» EXERCISE PROMPT:
Restate the full listing word for word and leave the pictures out.

» MATERIAL FOR THIS EXERCISE:
==========

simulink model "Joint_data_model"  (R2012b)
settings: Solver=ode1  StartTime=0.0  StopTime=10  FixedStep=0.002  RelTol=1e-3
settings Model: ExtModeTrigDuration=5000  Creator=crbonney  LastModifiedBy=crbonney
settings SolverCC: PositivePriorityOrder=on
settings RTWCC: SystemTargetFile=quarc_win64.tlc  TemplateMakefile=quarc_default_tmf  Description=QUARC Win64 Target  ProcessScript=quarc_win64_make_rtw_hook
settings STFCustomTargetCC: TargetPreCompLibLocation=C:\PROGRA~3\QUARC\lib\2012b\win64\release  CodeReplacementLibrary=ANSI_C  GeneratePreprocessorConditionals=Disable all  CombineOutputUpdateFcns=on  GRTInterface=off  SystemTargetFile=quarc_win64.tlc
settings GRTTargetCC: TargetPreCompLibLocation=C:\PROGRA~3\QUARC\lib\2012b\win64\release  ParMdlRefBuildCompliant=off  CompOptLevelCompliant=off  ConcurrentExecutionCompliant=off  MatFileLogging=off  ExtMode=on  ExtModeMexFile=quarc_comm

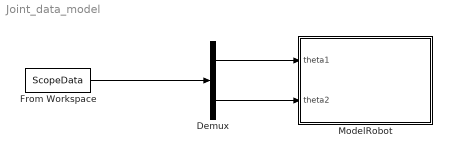
== system Joint_data_model ==
  Demux : Demux  Outputs=2
  From Workspace : FromWorkspace  VariableName=ScopeData  SampleTime=0
  ModelRobot : MATLAB Function  TreatAsAtomicUnit=on
  wires:
  From Workspace/1 -> Demux/1
  Demux/1 -> ModelRobot/1(theta1)
  Demux/2 -> ModelRobot/2(theta2)

== matlab function Joint_data_model/ModelRobot ==
  data: theta1 input; theta2 input
function ModelRobot (theta1, theta2)
    frame0_links = ...
        [0  0;...  %X
         0  0;...  %Y
         0 -15];   %Z

    frame1_links = ...
        [0  0  0  0 0;... %X
         0  0  6  6 8;... %Y
         0 -1 -1  0 0];   %Z

    frame2_links = ...
        [0   0;... %X
         0  12;... %Y
         0   0];   %Z

    rho = sqrt(8^2+12^2);
    phi_max = atan(12/8);

    f1 = TransformPoints(TRANS0_1(theta1),frame1_links);
    f2 = TransformPoints(TRANS0_1(theta1),TransformPoints(TRANS1_2(theta2),frame2_links));


    plot3(frame0_links(1,:),frame0_links(2,:), frame0_links(3,:),'bs-','LineWidth',3);
    axis([-15 15 -15 15 -15 15]);
    grid on
    hold on
    xlabel('x');
    ylabel('y');
    zlabel('z');
    plot3(f1(1,:),f1(2,:), f1(3,:),'rs-','LineWidth',3);
    plot3(f2(1,:),f2(2,:), f2(3,:),'go-', 'MarkerFaceColor', 'c', 'MarkerSize',5,'LineWidth',3);
    plot3(f2(1,end),f2(2,end), f2(3,end),'go-', 'MarkerFaceColor', 'c', 'MarkerSize',5,'LineWidth',3);
    axis([-15 15 -15 15 -15 15]);
    WorkEnvelope2(rho, phi_max);
    hold off
end

==========

» EXERCISE SOLUTION:
simulink model "Joint_data_model"  (R2012b)
settings: Solver=ode1  StartTime=0.0  StopTime=10  FixedStep=0.002  RelTol=1e-3
settings Model: ExtModeTrigDuration=5000  Creator=crbonney  LastModifiedBy=crbonney
settings SolverCC: PositivePriorityOrder=on
settings RTWCC: SystemTargetFile=quarc_win64.tlc  TemplateMakefile=quarc_default_tmf  Description=QUARC Win64 Target  ProcessScript=quarc_win64_make_rtw_hook
settings STFCustomTargetCC: TargetPreCompLibLocation=C:\PROGRA~3\QUARC\lib\2012b\win64\release  CodeReplacementLibrary=ANSI_C  GeneratePreprocessorConditionals=Disable all  CombineOutputUpdateFcns=on  GRTInterface=off  SystemTargetFile=quarc_win64.tlc
settings GRTTargetCC: TargetPreCompLibLocation=C:\PROGRA~3\QUARC\lib\2012b\win64\release  ParMdlRefBuildCompliant=off  CompOptLevelCompliant=off  ConcurrentExecutionCompliant=off  MatFileLogging=off  ExtMode=on  ExtModeMexFile=quarc_comm

== system Joint_data_model ==
  Demux : Demux  Outputs=2
  From Workspace : FromWorkspace  VariableName=ScopeData  SampleTime=0
  ModelRobot : MATLAB Function  TreatAsAtomicUnit=on
  wires:
  From Workspace/1 -> Demux/1
  Demux/1 -> ModelRobot/1(theta1)
  Demux/2 -> ModelRobot/2(theta2)

== matlab function Joint_data_model/ModelRobot ==
  data: theta1 input; theta2 input
function ModelRobot (theta1, theta2)
    frame0_links = ...
        [0  0;...  %X
         0  0;...  %Y
         0 -15];   %Z

    frame1_links = ...
        [0  0  0  0 0;... %X
         0  0  6  6 8;... %Y
         0 -1 -1  0 0];   %Z

    frame2_links = ...
        [0   0;... %X
         0  12;... %Y
         0   0];   %Z

    rho = sqrt(8^2+12^2);
    phi_max = atan(12/8);

    f1 = TransformPoints(TRANS0_1(theta1),frame1_links);
    f2 = TransformPoints(TRANS0_1(theta1),TransformPoints(TRANS1_2(theta2),frame2_links));


    plot3(frame0_links(1,:),frame0_links(2,:), frame0_links(3,:),'bs-','LineWidth',3);
    axis([-15 15 -15 15 -15 15]);
    grid on
    hold on
    xlabel('x');
    ylabel('y');
    zlabel('z');
    plot3(f1(1,:),f1(2,:), f1(3,:),'rs-','LineWidth',3);
    plot3(f2(1,:),f2(2,:), f2(3,:),'go-', 'MarkerFaceColor', 'c', 'MarkerSize',5,'LineWidth',3);
    plot3(f2(1,end),f2(2,end), f2(3,end),'go-', 'MarkerFaceColor', 'c', 'MarkerSize',5,'LineWidth',3);
    axis([-15 15 -15 15 -15 15]);
    WorkEnvelope2(rho, phi_max);
    hold off
end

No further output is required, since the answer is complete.